▶ **Task objective**
Lines from the one containing "#17693 = DIRECTION" through the final line of the entries below: reproduce them exactly, all of them and only them.

▶ **Input material**
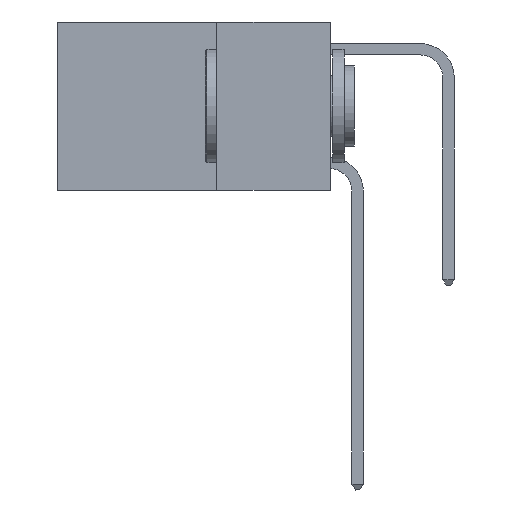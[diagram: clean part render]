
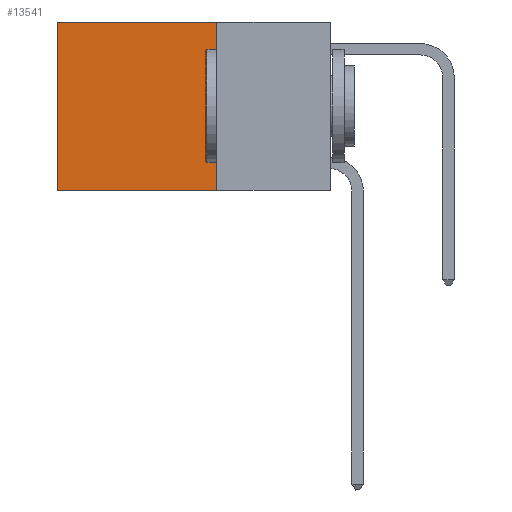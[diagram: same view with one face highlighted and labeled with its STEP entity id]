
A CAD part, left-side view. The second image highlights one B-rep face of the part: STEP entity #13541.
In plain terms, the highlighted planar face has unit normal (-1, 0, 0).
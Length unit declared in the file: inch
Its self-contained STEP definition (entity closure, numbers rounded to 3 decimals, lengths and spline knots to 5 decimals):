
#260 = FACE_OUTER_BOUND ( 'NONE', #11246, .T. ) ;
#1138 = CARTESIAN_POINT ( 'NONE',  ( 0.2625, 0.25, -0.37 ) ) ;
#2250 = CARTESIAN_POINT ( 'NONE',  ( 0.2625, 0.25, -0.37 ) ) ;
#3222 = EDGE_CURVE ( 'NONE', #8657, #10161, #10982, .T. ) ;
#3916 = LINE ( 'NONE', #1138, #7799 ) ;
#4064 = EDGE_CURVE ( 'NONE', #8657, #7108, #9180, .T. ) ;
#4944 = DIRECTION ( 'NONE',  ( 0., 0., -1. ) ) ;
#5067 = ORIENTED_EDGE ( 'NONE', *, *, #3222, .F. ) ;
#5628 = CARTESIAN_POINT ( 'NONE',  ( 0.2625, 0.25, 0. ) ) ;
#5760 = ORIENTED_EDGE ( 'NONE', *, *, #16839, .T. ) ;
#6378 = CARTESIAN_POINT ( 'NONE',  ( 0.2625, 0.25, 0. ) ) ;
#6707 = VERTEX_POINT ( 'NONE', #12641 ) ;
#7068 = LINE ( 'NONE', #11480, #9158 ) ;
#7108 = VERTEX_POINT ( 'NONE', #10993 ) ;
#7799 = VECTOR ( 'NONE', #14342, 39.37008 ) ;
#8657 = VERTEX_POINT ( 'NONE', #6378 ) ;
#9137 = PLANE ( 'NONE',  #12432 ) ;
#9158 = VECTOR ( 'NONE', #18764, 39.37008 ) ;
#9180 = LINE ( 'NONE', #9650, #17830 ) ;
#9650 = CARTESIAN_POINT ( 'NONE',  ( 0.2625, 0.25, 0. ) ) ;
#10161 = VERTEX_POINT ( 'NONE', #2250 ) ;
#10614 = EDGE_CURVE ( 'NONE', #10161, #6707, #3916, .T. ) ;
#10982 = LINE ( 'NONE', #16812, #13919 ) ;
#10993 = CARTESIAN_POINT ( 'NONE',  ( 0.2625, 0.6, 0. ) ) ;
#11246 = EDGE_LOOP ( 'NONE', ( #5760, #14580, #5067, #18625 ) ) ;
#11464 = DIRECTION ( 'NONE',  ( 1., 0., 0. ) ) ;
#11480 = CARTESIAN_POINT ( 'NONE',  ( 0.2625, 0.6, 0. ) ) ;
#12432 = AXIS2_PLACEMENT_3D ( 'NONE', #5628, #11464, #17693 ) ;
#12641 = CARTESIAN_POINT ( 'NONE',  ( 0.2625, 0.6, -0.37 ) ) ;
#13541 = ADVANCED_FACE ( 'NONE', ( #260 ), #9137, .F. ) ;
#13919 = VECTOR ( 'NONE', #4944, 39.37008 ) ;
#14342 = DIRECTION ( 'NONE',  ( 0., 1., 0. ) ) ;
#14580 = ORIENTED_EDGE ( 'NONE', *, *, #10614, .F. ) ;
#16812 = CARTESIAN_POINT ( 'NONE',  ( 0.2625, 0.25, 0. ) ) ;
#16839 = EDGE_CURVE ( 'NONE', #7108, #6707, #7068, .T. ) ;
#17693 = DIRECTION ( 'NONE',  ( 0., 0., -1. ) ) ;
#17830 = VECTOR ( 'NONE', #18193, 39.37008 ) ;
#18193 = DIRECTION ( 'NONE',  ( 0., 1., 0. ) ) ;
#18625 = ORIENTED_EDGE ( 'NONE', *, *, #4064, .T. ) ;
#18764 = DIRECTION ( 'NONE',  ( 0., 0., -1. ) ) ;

▶ **Solution to this exercise**
#17693 = DIRECTION ( 'NONE',  ( 0., 0., -1. ) ) ;
#17830 = VECTOR ( 'NONE', #18193, 39.37008 ) ;
#18193 = DIRECTION ( 'NONE',  ( 0., 1., 0. ) ) ;
#18625 = ORIENTED_EDGE ( 'NONE', *, *, #4064, .T. ) ;
#18764 = DIRECTION ( 'NONE',  ( 0., 0., -1. ) ) ;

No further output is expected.